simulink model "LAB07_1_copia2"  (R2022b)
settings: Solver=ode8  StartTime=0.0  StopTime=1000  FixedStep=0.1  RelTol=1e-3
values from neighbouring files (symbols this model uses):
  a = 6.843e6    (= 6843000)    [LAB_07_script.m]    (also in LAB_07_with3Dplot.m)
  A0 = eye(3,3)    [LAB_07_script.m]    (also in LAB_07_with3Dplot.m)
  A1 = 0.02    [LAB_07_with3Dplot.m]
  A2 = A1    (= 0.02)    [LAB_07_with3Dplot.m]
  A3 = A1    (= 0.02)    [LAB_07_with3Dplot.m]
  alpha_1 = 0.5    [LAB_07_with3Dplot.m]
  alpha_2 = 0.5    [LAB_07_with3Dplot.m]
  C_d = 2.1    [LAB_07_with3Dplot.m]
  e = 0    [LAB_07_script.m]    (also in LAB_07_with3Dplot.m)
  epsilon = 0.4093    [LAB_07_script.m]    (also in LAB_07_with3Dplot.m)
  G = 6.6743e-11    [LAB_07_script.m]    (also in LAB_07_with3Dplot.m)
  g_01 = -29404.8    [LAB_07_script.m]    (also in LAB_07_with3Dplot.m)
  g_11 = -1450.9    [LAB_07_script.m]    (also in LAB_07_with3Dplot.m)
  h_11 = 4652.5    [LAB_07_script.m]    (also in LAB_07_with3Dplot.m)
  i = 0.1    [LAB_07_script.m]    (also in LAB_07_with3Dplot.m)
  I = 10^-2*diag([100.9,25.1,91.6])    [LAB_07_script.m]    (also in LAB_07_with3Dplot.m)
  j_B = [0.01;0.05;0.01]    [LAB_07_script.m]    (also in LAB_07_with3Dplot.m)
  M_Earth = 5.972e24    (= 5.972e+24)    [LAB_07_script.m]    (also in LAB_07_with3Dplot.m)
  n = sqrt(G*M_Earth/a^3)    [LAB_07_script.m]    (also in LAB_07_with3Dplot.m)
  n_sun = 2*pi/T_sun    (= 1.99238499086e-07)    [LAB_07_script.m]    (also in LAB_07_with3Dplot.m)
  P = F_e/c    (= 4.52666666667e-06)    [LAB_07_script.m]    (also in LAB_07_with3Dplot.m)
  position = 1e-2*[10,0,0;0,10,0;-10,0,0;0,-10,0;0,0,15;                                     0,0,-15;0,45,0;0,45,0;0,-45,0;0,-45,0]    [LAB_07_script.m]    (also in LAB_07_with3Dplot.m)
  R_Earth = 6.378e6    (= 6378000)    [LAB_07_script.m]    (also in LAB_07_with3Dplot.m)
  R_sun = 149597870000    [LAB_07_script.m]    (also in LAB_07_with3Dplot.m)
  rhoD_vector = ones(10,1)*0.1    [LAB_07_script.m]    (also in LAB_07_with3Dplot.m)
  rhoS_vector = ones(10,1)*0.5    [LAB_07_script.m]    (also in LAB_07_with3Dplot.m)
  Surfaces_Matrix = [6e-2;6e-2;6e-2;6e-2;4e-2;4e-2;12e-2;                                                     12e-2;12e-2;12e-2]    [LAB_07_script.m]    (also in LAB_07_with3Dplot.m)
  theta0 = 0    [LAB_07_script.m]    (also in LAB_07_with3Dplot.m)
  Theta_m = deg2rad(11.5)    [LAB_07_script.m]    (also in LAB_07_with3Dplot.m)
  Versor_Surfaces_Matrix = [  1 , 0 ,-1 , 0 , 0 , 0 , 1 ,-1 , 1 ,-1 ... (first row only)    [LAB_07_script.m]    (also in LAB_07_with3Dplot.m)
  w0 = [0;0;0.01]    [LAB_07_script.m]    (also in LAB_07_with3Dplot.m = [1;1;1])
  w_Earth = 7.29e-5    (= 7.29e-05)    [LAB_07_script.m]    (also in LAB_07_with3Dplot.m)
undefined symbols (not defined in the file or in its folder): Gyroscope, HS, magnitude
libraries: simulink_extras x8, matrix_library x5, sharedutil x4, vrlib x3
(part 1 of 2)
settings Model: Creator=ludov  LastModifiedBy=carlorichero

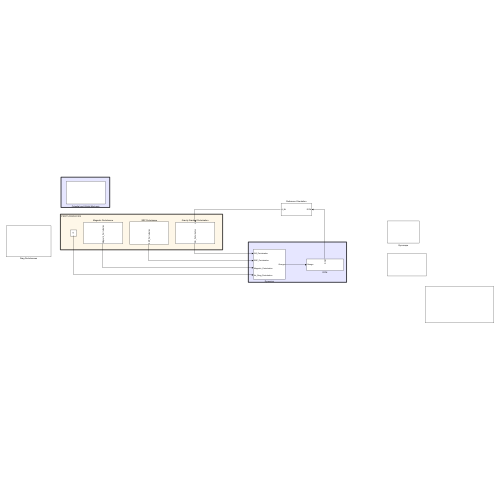
[thumbnail: Simulink's stored preview of the top-level diagram]
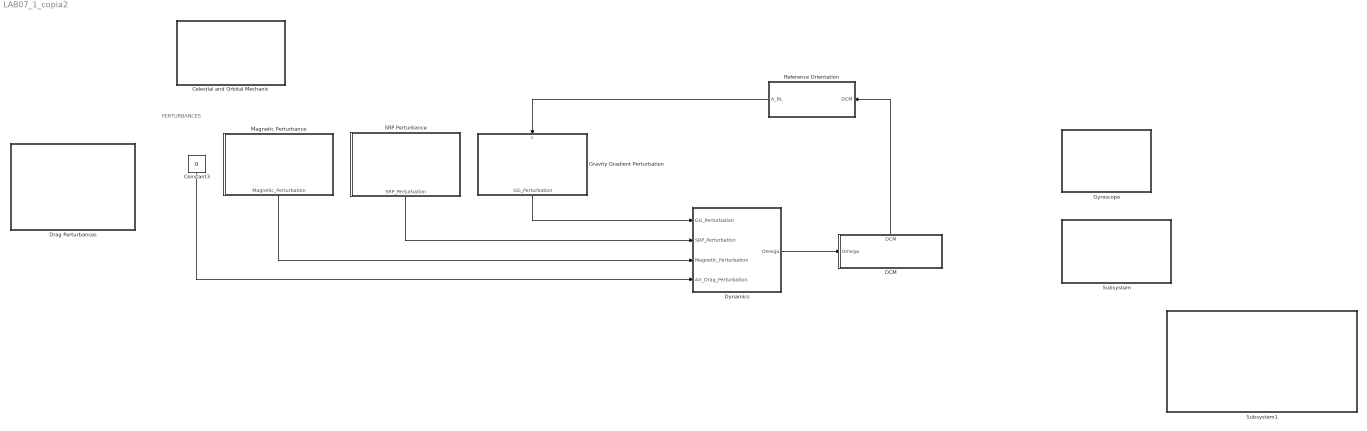
== system LAB07_1_copia2 ==
  note: PERTURBANCES
  " Magnetic Perturbance " : Subsystem
      settings: PortSchema="{\"entries\":[{\"content\":{\"sides\":[{\"content\":{\"connectorIds\":[]},\"type\":\"ConnectorPlacement.EquallySpacedRectSide\",\"uuid\":\"e985e879-37b8-4f0c-a60b-74d5e4b5102c\"},{\"content\":{\"connectorIds\":[],\"side\":\"RIGHT\"},\"type\":\"ConnectorPlacement.EquallySpacedRectSide\",\"uuid\":\"1f0cb419-685e-4dd3-ab14-45869a41b9c2\"},{\"content\":{\"connectorIds\":[],\"side\":\"TOP\"},\"type\":\"ConnectorPlacement.EquallySpacedRectSide\",\"uuid\":\"f8cfa143-02f3-47d6-960d-90021c53ea82\"},{\"content\":{\"connectorIds\":[\"Out1\"],\"side\":\"BOTTOM\"},\"type\":\"ConnectorPlacement.EquallySpacedRectSide\",\"uuid\":\"8ee0ffd0-c547-4f09-8eae-ef027ea96de7\"}]},\"type\":\"ConnectorPlacement.EquallySpacedConnector\",\"uuid\":\"8752746d-e23a-4760-aab6-3f1c0a06bc69\"}],\"packageUris\":[\"http://schema.mathworks.com/mf0/Connector/R2020b\"],\"version\":\"1.0\"}"
  " SRP Perturbance" : Subsystem
      settings: PortSchema="{\"entries\":[{\"content\":{\"sides\":[{\"content\":{\"connectorIds\":[]},\"type\":\"ConnectorPlacement.EquallySpacedRectSide\",\"uuid\":\"e985e879-37b8-4f0c-a60b-74d5e4b5102c\"},{\"content\":{\"connectorIds\":[],\"side\":\"RIGHT\"},\"type\":\"ConnectorPlacement.EquallySpacedRectSide\",\"uuid\":\"1f0cb419-685e-4dd3-ab14-45869a41b9c2\"},{\"content\":{\"connectorIds\":[],\"side\":\"TOP\"},\"type\":\"ConnectorPlacement.EquallySpacedRectSide\",\"uuid\":\"f8cfa143-02f3-47d6-960d-90021c53ea82\"},{\"content\":{\"connectorIds\":[\"Out1\"],\"side\":\"BOTTOM\"},\"type\":\"ConnectorPlacement.EquallySpacedRectSide\",\"uuid\":\"2a12fd6d-c4b7-49e6-8cbf-522d896783f6\"}]},\"type\":\"ConnectorPlacement.EquallySpacedConnector\",\"uuid\":\"8752746d-e23a-4760-aab6-3f1c0a06bc69\"}],\"packageUris\":[\"http://schema.mathworks.com/mf0/Connector/R2020b\"],\"version\":\"1.0\"}"
  Celestial and Orbital Mechanic : Subsystem
  Constant3 : Constant  Value=0
  DCM : Subsystem
      settings: PortSchema="{\"entries\":[{\"content\":{\"sides\":[{\"content\":{\"connectorIds\":[\"In1\"]},\"type\":\"ConnectorPlacement.EquallySpacedRectSide\",\"uuid\":\"36de77ec-8153-48fc-ae5a-ad0b0e2d3ce0\"},{\"content\":{\"connectorIds\":[],\"side\":\"RIGHT\"},\"type\":\"ConnectorPlacement.EquallySpacedRectSide\",\"uuid\":\"5bb36846-76d5-425c-bf3c-97c4283359fa\"},{\"content\":{\"connectorIds\":[\"Out1\"],\"side\":\"TOP\"},\"type\":\"ConnectorPlacement.EquallySpacedRectSide\",\"uuid\":\"8effcbf1-f39c-4e11-8297-2eedf506960c\"}]},\"type\":\"ConnectorPlacement.EquallySpacedConnector\",\"uuid\":\"1130cf8d-ea10-4dfb-b209-46460bb57623\"}],\"packageUris\":[\"http://schema.mathworks.com/mf0/Connector/R2020b\"],\"version\":\"1.0\"}"
  Drag Perturbances : Subsystem
  Dynamics : Subsystem
  Gravity Gradient Perturbation : Subsystem
      settings: PortSchema="{\"entries\":[{\"content\":{\"sides\":[{\"content\":{\"connectorIds\":[]},\"type\":\"ConnectorPlacement.EquallySpacedRectSide\",\"uuid\":\"0f339a99-129b-4972-909e-aa08984290af\"},{\"content\":{\"connectorIds\":[],\"side\":\"RIGHT\"},\"type\":\"ConnectorPlacement.EquallySpacedRectSide\",\"uuid\":\"c349fcfc-19e0-4c37-99ec-428747fba93f\"},{\"content\":{\"connectorIds\":[\"In1\"],\"side\":\"TOP\"},\"type\":\"ConnectorPlacement.EquallySpacedRectSide\",\"uuid\":\"2ac505f4-7a46-421c-9759-99416a32691b\"},{\"content\":{\"connectorIds\":[\"Out1\"],\"side\":\"BOTTOM\"},\"type\":\"ConnectorPlacement.EquallySpacedRectSide\",\"uuid\":\"46063fda-cf86-410f-90fc-74dd4707f3ff\"}]},\"type\":\"ConnectorPlacement.EquallySpacedConnector\",\"uuid\":\"8656328d-f6ad-4baa-a1ea-e4d5445b99d9\"}],\"packageUris\":[\"http://schema.mathworks.com/mf0/Connector/R2020b\"],\"version\":\"1.0\"}"
  Gyroscope : Subsystem
  Reference Orientation : Subsystem
  Subsystem : Subsystem
  Subsystem1 : Subsystem
  wires:
  DCM/1(DCM) -> Reference Orientation/1(DCM)
  Dynamics/1(Omega) -> DCM/1(Omega)
  " SRP Perturbance"/1(SRP_Perturbation) -> Dynamics/2(SRP_Perturbation)
  " Magnetic Perturbance "/1(Magnetic_Perturbation) -> Dynamics/3(Magnetic_Perturbation)
  Constant3/1 -> Dynamics/4(Air_Drag_Perturbation)
  Reference Orientation/1(A_BL) -> Gravity Gradient Perturbation/1(c)
  Gravity Gradient Perturbation/1(GG_Perturbation) -> Dynamics/1(GG_Perturbation)

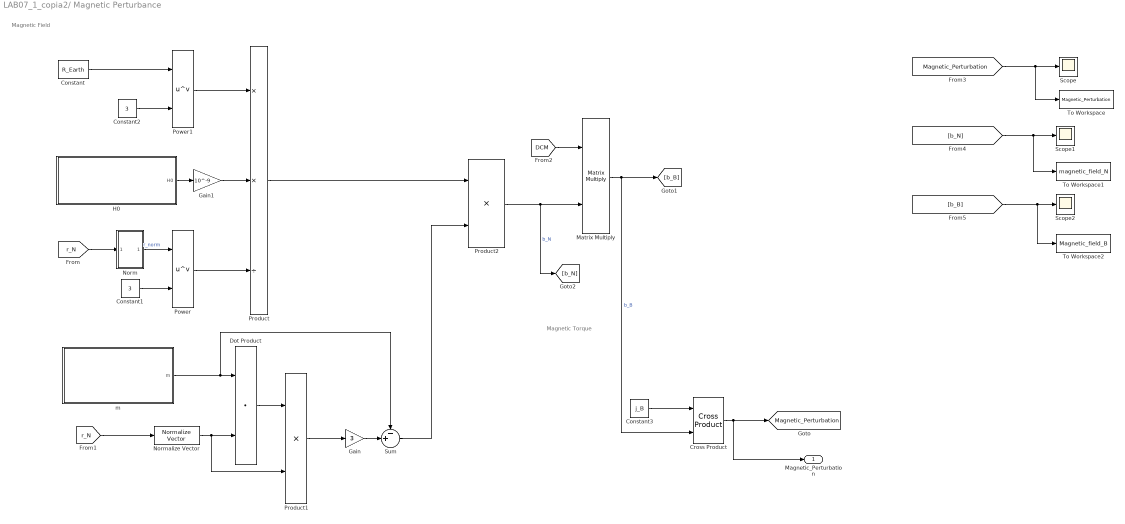
== system LAB07_1_copia2/ Magnetic Perturbance  ==
  note: Magnetic Torque
  note: Magnetic Field
  Constant : Constant  Value=R_Earth
  Constant1 : Constant  Value=3
  Constant2 : Constant  Value=3
  Constant3 : Constant  Value=j_B
  Cross Product : matrix_library/Cross Product
  Dot Product : DotProduct  OutDataTypeStr=Inherit: Inherit via internal rule
  Gain : Gain  Gain=3
  Gain1 : Gain  Gain=10^-9
  H0 : Subsystem
  Matrix Multiply : Product  Multiplication=Matrix(*)
  Norm : Subsystem
  Normalize Vector : vrlib/Utilities/Normalize Vector  maxzero=0
  Power : Math  Operator=pow
  Power1 : Math  Operator=pow
  Product : Product  Inputs=**/
  Product1 : Product
  Product2 : Product
  Scope : Scope
  Scope1 : Scope
  Scope2 : Scope
  Sum : Sum  Inputs=-+|
  To Workspace : ToWorkspace  VariableName=Magnetic_Perturbation  SaveFormat=Timeseries  SampleTime=-1
  To Workspace1 : ToWorkspace  VariableName=magnetic_field_N  SaveFormat=Timeseries  SampleTime=-1
  To Workspace2 : ToWorkspace  VariableName=Magnetic_field_B  SaveFormat=Timeseries  SampleTime=-1
  m : Subsystem
  Magnetic_Perturbation : Outport
  tag scope: Magnetic_Perturbation=global
  wires:
  Constant2/1 -> Power1/2
  Constant/1 -> Power1/1
  Power1/1 -> Product/1
  [r_N] -> Norm/1(In1)
  Constant1/1 -> Power/2
  Norm/1(Out1) -> Power/1  "r_norm"
  Power/1 -> Product/3
  H0/1(H0) -> Gain1/1
  Product/1 -> Product2/1
  m/1(m) -> Dot Product/1, Sum/1
  [r_N] -> Normalize Vector/1
  Normalize Vector/1 -> Product1/2, Dot Product/2
  Gain/1 -> Sum/2
  Dot Product/1 -> Product1/1
  Product1/1 -> Gain/1
  Sum/1 -> Product2/2
  Product2/1 -> [b_N], Matrix Multiply/2  "b_N"
  [DCM] -> Matrix Multiply/1
  Matrix Multiply/1 -> [b_B], Cross Product/2  "b_B"
  Cross Product/1 -> [Magnetic_Perturbation], Magnetic_Perturbation/1
  [Magnetic_Perturbation] -> Scope/1, To Workspace/1
  [b_N] -> To Workspace1/1, Scope1/1
  [b_B] -> To Workspace2/1, Scope2/1
  Gain1/1 -> Product/2
  Constant3/1 -> Cross Product/1

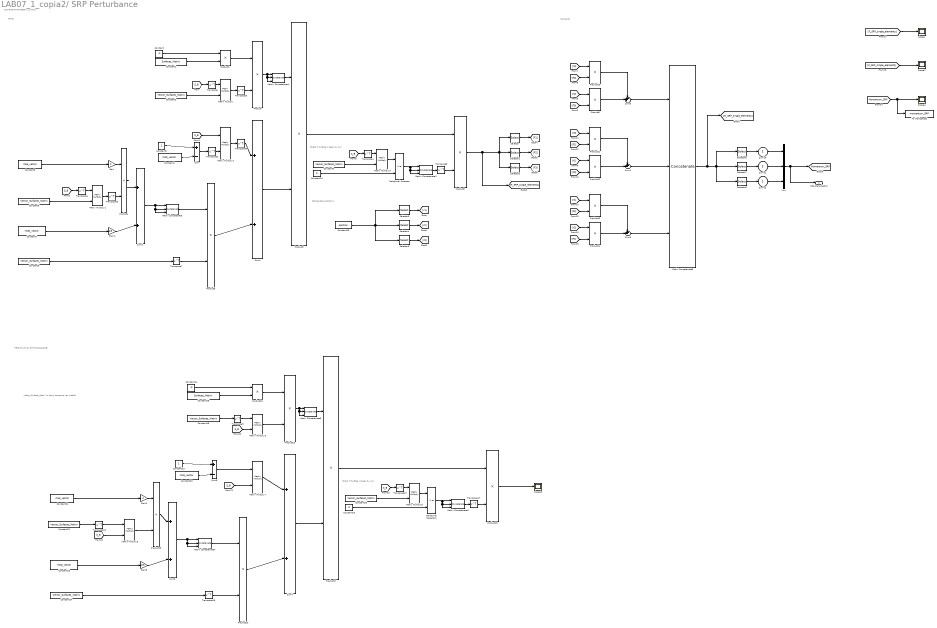
== system LAB07_1_copia2/ SRP Perturbance ==
  note: vector_Surface_Matrix lo devo trasporre nel matlab
  note: TENTATIVO DI OTTIMIZZAZIONE
  note: Moments
  note: Force
  note: Check if surface is seen by sun
  note: SUN RADIATION PERTURBATION
  note: Check if surface is seen by sun
  note: Baricenters positions
  Constant : Constant  Value=-P
  Constant1 : Constant  Value=Surfaces_Matrix
  Constant10 : Constant  Value=0
  Constant13 : Constant  Value=position
  Constant14 : Constant  Value=-P
  Constant15 : Constant  Value=Surfaces_Matrix
  Constant16 : Constant  Value=0
  Constant{2,6,8..9,18,22,24..25} (8 alike) : Constant  Value=Versor_Surfaces_Matrix
  Constant19 : Constant
  Constant{4..5,20..21} (4 alike) : Constant  Value=rhoS_vector
  Constant23 : Constant  Value=rhoD_vector
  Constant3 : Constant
----------------
**What is expected**:
The answer is the lines above from the one with "Gravity Gradient Perturbation : Subsystem" to the one with "Normalize Vector : vrlib/Utilities/Normalize", set down exactly, with no pictures.

**The completed task**:
  Gravity Gradient Perturbation : Subsystem
      settings: PortSchema="{\"entries\":[{\"content\":{\"sides\":[{\"content\":{\"connectorIds\":[]},\"type\":\"ConnectorPlacement.EquallySpacedRectSide\",\"uuid\":\"0f339a99-129b-4972-909e-aa08984290af\"},{\"content\":{\"connectorIds\":[],\"side\":\"RIGHT\"},\"type\":\"ConnectorPlacement.EquallySpacedRectSide\",\"uuid\":\"c349fcfc-19e0-4c37-99ec-428747fba93f\"},{\"content\":{\"connectorIds\":[\"In1\"],\"side\":\"TOP\"},\"type\":\"ConnectorPlacement.EquallySpacedRectSide\",\"uuid\":\"2ac505f4-7a46-421c-9759-99416a32691b\"},{\"content\":{\"connectorIds\":[\"Out1\"],\"side\":\"BOTTOM\"},\"type\":\"ConnectorPlacement.EquallySpacedRectSide\",\"uuid\":\"46063fda-cf86-410f-90fc-74dd4707f3ff\"}]},\"type\":\"ConnectorPlacement.EquallySpacedConnector\",\"uuid\":\"8656328d-f6ad-4baa-a1ea-e4d5445b99d9\"}],\"packageUris\":[\"http://schema.mathworks.com/mf0/Connector/R2020b\"],\"version\":\"1.0\"}"
  Gyroscope : Subsystem
  Reference Orientation : Subsystem
  Subsystem : Subsystem
  Subsystem1 : Subsystem
  wires:
  DCM/1(DCM) -> Reference Orientation/1(DCM)
  Dynamics/1(Omega) -> DCM/1(Omega)
  " SRP Perturbance"/1(SRP_Perturbation) -> Dynamics/2(SRP_Perturbation)
  " Magnetic Perturbance "/1(Magnetic_Perturbation) -> Dynamics/3(Magnetic_Perturbation)
  Constant3/1 -> Dynamics/4(Air_Drag_Perturbation)
  Reference Orientation/1(A_BL) -> Gravity Gradient Perturbation/1(c)
  Gravity Gradient Perturbation/1(GG_Perturbation) -> Dynamics/1(GG_Perturbation)

== system LAB07_1_copia2/ Magnetic Perturbance  ==
  note: Magnetic Torque
  note: Magnetic Field
  Constant : Constant  Value=R_Earth
  Constant1 : Constant  Value=3
  Constant2 : Constant  Value=3
  Constant3 : Constant  Value=j_B
  Cross Product : matrix_library/Cross Product
  Dot Product : DotProduct  OutDataTypeStr=Inherit: Inherit via internal rule
  Gain : Gain  Gain=3
  Gain1 : Gain  Gain=10^-9
  H0 : Subsystem
  Matrix Multiply : Product  Multiplication=Matrix(*)
  Norm : Subsystem
  Normalize Vector : vrlib/Utilities/Normalize Vector  maxzero=0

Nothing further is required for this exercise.